╔══
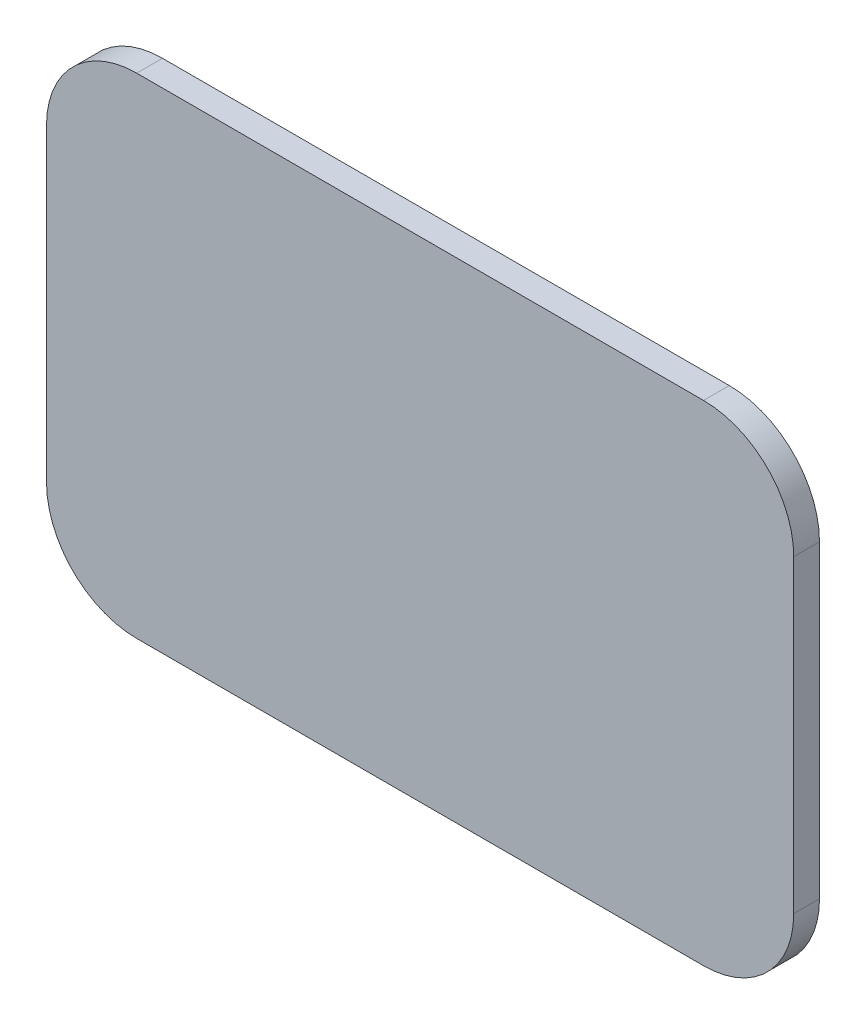
SolidWorks part; units mm, degrees
ref_plane "Front Plane" through (0, 0, 0) normal (0, 0, 1) x (1, 0, 0)
ref_plane "Top Plane" through (0, 0, 0) normal (0, 1, 0) x (1, 0, 0)
ref_plane "Right Plane" through (0, 0, 0) normal (1, 0, 0) x (0, 0, -1)
sketch "Sketch1" plane through (0, 0, 0) normal (0, 0, 1) x (1, 0, 0)
  line L0 (15, 0) -> (15.7, 0) construction
  line L1 (-11, -10) -> (11, -10)
  line L2 (-15, -6) -> (-15, 6)
  line L3 (-11, 10) -> (11, 10)
  line L4 (15, -6) -> (15, 6)
  line L5 (14.5, -6) -> (14.5, 6)
  line L6 (-11, 9.5) -> (11, 9.5)
  line L7 (-14.5, -6) -> (-14.5, 6)
  line L8 (-11, -9.5) -> (11, -9.5)
  arc A0 (15, 6) -> (11, 10) centre (11, 6) ccw
  arc A1 (-11, 10) -> (-15, 6) centre (-11, 6) ccw
  arc A2 (-15, -6) -> (-11, -10) centre (-11, -6) ccw
  arc A3 (11, -10) -> (15, -6) centre (11, -6) ccw
  arc A4 (11, -9.5) -> (14.5, -6) centre (11, -6) ccw
  arc A5 (14.5, 6) -> (11, 9.5) centre (11, 6) ccw
  arc A6 (-11, 9.5) -> (-14.5, 6) centre (-11, 6) ccw
  arc A7 (-14.5, -6) -> (-11, -9.5) centre (-11, -6) ccw
  point P0 (0, 0)
  point P4 (0, 0)
  point P6 (0, 0)
  point P7 (0, 0)
  point P9 (0, 0)
  point P10 (0, 0)
  point P11 (0, 0)
  dimension "D1" = 4
extrude "Boss-Extrude1" add sketch "Sketch1" along normal blind 1 contours L7 A7 L8 A4 L5 A5 L6 A6
╚══
**Task:** Copy out every line above, word for word, minus images.

**Finished exercise:**
SolidWorks part; units mm, degrees
ref_plane "Front Plane" through (0, 0, 0) normal (0, 0, 1) x (1, 0, 0)
ref_plane "Top Plane" through (0, 0, 0) normal (0, 1, 0) x (1, 0, 0)
ref_plane "Right Plane" through (0, 0, 0) normal (1, 0, 0) x (0, 0, -1)
sketch "Sketch1" plane through (0, 0, 0) normal (0, 0, 1) x (1, 0, 0)
  line L0 (15, 0) -> (15.7, 0) construction
  line L1 (-11, -10) -> (11, -10)
  line L2 (-15, -6) -> (-15, 6)
  line L3 (-11, 10) -> (11, 10)
  line L4 (15, -6) -> (15, 6)
  line L5 (14.5, -6) -> (14.5, 6)
  line L6 (-11, 9.5) -> (11, 9.5)
  line L7 (-14.5, -6) -> (-14.5, 6)
  line L8 (-11, -9.5) -> (11, -9.5)
  arc A0 (15, 6) -> (11, 10) centre (11, 6) ccw
  arc A1 (-11, 10) -> (-15, 6) centre (-11, 6) ccw
  arc A2 (-15, -6) -> (-11, -10) centre (-11, -6) ccw
  arc A3 (11, -10) -> (15, -6) centre (11, -6) ccw
  arc A4 (11, -9.5) -> (14.5, -6) centre (11, -6) ccw
  arc A5 (14.5, 6) -> (11, 9.5) centre (11, 6) ccw
  arc A6 (-11, 9.5) -> (-14.5, 6) centre (-11, 6) ccw
  arc A7 (-14.5, -6) -> (-11, -9.5) centre (-11, -6) ccw
  point P0 (0, 0)
  point P4 (0, 0)
  point P6 (0, 0)
  point P7 (0, 0)
  point P9 (0, 0)
  point P10 (0, 0)
  point P11 (0, 0)
  dimension "D1" = 4
extrude "Boss-Extrude1" add sketch "Sketch1" along normal blind 1 contours L7 A7 L8 A4 L5 A5 L6 A6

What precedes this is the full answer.